Drug Interactions between fostamatinib and Vosevi

MONITOR: Coadministration with fostamatinib may increase the plasma concentrations of drugs that are substrates of the CYP450 3A4 isoenzyme and/or P-glycoprotein (P-gp) transporter. The proposed mechanism is decreased clearance in the intestine and/or liver due to inhibition of CYP450 3A4-mediated metabolism and P-gp-mediated efflux by fostamatinib. According to the product labeling, administration of a single 40 mg dose of the CYP450 3A4 substrate simvastatin with fostamatinib 100 mg twice daily increased simvastatin peak plasma concentration (Cmax) and systemic exposure (AUC) by 113% and 64%, respectively. In addition, simvastatin acid Cmax increased by 83% and AUC increased by 64%. When the P-gp substrate digoxin (0.25 mg once daily) was administered with fostamatinib (100 mg twice daily), digoxin Cmax and AUC increased by 70% and 37%, respectively.

MANAGEMENT: Caution is advised when fostamatinib is used concurrently with drugs that are known substrates of CYP450 3A4 and/or P-gp, particularly those with a narrow therapeutic range. Dosage adjustments as well as clinical and laboratory monitoring may be appropriate for some drugs whenever fostamatinib is added to or withdrawn from therapy.

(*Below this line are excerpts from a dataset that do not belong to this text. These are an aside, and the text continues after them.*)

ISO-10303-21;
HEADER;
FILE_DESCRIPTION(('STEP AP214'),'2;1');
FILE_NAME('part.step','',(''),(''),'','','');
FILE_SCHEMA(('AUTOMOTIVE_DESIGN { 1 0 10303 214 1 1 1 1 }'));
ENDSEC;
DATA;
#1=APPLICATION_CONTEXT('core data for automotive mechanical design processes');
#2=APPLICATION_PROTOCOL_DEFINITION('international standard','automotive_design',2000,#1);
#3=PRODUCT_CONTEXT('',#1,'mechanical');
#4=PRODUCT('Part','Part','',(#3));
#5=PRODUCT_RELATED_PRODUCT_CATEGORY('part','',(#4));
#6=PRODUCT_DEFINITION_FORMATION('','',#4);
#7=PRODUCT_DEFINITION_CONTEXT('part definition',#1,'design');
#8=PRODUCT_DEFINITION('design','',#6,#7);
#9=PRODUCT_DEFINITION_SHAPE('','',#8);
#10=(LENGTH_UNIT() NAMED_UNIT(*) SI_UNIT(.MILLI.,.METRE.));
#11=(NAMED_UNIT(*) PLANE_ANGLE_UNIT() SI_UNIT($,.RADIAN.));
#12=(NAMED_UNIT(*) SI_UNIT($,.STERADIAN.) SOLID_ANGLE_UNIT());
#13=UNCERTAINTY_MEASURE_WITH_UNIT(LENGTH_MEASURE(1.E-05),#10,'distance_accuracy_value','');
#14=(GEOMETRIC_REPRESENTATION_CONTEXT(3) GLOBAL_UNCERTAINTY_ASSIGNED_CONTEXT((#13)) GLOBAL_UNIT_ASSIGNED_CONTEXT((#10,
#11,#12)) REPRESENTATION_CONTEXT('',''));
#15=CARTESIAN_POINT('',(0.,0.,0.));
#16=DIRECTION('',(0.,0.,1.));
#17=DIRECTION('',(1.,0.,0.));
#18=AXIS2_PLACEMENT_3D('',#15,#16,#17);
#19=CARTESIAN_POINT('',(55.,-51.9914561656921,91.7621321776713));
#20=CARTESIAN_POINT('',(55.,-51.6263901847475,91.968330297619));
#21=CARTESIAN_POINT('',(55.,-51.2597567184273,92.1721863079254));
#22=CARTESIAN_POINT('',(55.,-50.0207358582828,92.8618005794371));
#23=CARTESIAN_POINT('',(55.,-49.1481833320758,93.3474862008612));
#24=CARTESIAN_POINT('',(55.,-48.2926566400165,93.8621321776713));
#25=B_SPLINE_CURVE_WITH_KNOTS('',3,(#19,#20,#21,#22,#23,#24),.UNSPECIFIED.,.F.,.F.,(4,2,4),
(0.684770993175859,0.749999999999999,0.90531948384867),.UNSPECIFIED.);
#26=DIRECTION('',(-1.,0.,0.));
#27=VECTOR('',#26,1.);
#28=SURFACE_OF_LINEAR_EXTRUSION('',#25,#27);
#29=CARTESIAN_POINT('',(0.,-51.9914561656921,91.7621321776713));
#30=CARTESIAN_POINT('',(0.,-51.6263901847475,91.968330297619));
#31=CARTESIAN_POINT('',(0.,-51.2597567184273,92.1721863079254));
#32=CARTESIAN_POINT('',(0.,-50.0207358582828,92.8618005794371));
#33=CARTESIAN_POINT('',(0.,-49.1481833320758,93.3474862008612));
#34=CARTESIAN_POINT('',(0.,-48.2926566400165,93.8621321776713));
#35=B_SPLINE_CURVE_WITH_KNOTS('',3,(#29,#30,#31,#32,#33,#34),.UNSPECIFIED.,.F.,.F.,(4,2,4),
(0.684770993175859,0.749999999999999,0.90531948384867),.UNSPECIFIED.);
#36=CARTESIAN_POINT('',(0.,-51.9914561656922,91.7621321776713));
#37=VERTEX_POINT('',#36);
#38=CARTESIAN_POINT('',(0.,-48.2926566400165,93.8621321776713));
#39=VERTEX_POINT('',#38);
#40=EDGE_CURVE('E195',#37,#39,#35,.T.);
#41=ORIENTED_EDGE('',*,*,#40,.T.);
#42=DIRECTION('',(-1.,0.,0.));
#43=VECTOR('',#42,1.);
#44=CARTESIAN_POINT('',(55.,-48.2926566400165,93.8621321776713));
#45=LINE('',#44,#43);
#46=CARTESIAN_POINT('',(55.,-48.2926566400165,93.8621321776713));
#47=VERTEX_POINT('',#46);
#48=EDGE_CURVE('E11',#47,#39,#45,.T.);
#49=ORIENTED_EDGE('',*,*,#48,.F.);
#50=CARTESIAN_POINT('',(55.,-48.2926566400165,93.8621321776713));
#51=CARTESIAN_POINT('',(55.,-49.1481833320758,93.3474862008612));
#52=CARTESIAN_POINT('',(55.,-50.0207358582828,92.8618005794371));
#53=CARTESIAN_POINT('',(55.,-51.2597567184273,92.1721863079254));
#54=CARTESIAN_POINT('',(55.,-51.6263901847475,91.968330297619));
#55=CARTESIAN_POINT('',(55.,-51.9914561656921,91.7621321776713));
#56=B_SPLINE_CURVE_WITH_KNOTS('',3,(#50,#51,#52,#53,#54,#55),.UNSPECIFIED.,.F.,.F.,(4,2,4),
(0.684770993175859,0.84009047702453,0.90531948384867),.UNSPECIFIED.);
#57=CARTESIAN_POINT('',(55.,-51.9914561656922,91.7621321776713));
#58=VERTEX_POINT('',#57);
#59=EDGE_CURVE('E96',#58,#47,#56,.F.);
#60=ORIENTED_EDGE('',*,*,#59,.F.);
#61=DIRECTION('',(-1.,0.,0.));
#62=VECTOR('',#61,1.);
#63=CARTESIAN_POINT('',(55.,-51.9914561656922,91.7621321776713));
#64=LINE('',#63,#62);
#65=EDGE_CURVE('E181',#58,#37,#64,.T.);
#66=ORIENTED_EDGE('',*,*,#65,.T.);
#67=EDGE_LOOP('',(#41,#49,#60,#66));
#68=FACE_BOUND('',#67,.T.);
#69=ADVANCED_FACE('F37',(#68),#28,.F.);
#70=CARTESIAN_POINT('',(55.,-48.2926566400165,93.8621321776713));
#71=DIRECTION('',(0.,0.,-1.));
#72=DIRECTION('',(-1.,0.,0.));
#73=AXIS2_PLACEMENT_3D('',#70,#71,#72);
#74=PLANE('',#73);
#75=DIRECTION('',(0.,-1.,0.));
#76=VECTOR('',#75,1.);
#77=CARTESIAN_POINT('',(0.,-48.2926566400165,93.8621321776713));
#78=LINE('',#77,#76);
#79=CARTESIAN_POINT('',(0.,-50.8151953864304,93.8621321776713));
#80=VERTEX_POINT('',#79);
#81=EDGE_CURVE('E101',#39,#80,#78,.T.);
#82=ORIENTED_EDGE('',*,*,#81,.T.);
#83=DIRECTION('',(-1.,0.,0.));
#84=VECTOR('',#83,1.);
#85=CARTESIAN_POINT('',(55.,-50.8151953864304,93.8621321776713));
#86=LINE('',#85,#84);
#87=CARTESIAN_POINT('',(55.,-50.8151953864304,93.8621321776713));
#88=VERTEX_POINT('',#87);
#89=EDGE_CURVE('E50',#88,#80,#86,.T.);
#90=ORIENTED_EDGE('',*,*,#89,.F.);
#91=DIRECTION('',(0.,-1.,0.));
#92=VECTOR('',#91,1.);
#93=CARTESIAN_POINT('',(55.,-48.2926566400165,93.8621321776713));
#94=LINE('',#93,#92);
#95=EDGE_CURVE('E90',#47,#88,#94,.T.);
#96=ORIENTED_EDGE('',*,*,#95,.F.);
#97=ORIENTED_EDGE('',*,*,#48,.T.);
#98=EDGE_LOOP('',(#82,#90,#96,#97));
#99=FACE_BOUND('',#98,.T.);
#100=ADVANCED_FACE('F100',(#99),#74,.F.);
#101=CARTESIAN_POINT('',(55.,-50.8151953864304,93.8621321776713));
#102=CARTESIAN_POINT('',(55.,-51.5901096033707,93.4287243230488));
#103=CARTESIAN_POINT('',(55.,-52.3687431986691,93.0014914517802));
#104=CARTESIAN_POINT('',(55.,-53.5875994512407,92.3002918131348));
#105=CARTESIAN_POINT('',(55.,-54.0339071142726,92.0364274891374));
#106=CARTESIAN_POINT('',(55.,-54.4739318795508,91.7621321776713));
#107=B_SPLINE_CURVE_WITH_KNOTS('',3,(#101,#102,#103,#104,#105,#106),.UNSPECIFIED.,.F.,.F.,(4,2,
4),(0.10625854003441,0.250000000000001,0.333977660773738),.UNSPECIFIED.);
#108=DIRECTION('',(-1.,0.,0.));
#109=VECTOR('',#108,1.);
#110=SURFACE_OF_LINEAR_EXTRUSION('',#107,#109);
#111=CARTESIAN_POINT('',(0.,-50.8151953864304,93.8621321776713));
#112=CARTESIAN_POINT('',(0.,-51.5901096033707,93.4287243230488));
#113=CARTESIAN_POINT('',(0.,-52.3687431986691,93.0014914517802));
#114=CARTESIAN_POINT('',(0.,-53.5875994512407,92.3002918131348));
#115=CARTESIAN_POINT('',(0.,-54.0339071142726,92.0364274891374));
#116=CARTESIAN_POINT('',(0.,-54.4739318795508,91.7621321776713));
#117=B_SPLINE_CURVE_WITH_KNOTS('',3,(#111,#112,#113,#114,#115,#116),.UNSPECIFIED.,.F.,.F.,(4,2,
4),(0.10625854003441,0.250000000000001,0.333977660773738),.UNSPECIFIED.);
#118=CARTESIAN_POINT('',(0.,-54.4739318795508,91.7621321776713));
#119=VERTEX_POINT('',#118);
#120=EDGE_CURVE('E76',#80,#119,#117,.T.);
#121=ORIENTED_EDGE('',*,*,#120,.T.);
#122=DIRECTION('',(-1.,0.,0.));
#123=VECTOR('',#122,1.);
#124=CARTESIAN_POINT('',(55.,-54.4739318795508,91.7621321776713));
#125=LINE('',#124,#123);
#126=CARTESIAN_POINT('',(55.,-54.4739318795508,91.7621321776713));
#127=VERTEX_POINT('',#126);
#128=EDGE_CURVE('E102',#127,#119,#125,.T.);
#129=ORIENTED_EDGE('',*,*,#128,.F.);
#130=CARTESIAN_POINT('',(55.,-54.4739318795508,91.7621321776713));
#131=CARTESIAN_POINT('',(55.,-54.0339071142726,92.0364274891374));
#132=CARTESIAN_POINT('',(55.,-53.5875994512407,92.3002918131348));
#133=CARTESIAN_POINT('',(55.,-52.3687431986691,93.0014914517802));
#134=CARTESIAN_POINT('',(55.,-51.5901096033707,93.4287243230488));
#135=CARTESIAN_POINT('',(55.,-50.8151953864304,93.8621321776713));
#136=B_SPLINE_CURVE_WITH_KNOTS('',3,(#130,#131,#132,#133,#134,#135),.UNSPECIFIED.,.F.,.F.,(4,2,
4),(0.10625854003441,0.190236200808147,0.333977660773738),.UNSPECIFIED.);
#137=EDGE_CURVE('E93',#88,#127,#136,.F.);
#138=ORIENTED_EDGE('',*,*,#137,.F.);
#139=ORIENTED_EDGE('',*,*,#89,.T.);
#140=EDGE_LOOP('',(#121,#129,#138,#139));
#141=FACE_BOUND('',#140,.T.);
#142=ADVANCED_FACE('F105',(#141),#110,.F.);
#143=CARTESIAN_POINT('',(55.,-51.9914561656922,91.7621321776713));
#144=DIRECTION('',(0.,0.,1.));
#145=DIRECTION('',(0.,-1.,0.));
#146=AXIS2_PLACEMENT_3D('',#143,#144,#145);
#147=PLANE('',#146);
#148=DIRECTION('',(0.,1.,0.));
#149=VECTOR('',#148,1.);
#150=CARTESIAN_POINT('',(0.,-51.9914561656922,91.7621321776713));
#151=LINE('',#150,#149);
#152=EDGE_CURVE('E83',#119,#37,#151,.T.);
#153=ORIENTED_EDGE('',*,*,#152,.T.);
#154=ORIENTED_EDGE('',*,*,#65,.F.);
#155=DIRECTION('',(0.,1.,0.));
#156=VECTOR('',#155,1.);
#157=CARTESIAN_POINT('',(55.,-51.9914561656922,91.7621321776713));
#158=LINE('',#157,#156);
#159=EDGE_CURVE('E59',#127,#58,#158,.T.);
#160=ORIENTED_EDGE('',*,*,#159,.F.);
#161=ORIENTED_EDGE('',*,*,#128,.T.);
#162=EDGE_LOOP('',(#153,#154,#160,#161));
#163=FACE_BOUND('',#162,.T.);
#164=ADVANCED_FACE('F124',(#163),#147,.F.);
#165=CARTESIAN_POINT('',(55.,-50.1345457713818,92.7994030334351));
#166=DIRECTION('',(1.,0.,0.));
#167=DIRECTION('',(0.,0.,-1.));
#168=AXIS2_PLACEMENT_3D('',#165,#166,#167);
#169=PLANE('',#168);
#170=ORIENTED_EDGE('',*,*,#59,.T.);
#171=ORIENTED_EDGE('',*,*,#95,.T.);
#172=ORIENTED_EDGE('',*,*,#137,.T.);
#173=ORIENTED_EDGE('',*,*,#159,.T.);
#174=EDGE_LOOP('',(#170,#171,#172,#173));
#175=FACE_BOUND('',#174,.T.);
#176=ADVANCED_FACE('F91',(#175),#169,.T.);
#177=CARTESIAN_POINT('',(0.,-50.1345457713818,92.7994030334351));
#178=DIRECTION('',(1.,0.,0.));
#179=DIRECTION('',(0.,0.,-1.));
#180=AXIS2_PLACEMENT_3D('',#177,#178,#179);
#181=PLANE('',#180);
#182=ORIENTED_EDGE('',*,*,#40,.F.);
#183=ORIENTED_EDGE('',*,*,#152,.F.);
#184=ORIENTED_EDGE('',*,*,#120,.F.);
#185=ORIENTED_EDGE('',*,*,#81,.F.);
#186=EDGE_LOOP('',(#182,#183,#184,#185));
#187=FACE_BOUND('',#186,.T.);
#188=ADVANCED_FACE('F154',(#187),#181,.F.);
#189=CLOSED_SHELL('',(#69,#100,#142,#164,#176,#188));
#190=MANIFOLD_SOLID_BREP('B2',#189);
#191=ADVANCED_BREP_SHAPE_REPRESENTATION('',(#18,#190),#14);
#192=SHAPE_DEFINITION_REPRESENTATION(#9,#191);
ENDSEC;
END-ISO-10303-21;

MONITOR: Coadministration with inhibitors of organic anion transporting polypeptides (OATP) 1B1 and/or 1B3 may increase the plasma concentrations of voxilaprevir, which is a substrate of the hepatic uptake transporters. When a single 100 mg dose of voxilaprevir was administered with a single 600 mg dose of the potent OATP 1B1/1B3 inhibitor cyclosporine (n=24), mean voxilaprevir peak plasma concentration (Cmax) and systemic exposure (AUC) increased by approximately 19.0- and 9.4-fold, respectively. Inhibition of P-glycoprotein (P-gp)- and breast cancer resistance protein (BCRP)-mediated intestinal transport and CYP450 3A4-mediated metabolism of voxilaprevir may also contribute to the overall interaction with cyclosporine. The safety of such high levels of voxilaprevir has not been established.

MANAGEMENT: Caution and monitoring are advised when voxilaprevir is used with OATP 1B1 or 1B3 inhibitors.

MONITOR: Coadministration with fostamatinib may increase the plasma concentrations of drugs that are substrates of the CYP450 3A4 isoenzyme and/or P-glycoprotein (P-gp) transporter. The proposed mechanism is decreased clearance in the intestine and/or liver due to inhibition of CYP450 3A4-mediated metabolism and P-gp-mediated efflux by fostamatinib. According to the product labeling, administration of a single 40 mg dose of the CYP450 3A4 substrate simvastatin with fostamatinib 100 mg twice daily increased simvastatin peak plasma concentration (Cmax) and systemic exposure (AUC) by 113% and 64%, respectively. In addition, simvastatin acid Cmax increased by 83% and AUC increased by 64%. When the P-gp substrate digoxin (0.25 mg once daily) was administered with fostamatinib (100 mg twice daily), digoxin Cmax and AUC increased by 70% and 37%, respectively.

MANAGEMENT: Caution is advised when fostamatinib is used concurrently with drugs that are known substrates of CYP450 3A4 and/or P-gp, particularly those with a narrow therapeutic range. Dosage adjustments as well as clinical and laboratory monitoring may be appropriate for some drugs whenever fostamatinib is added to or withdrawn from therapy.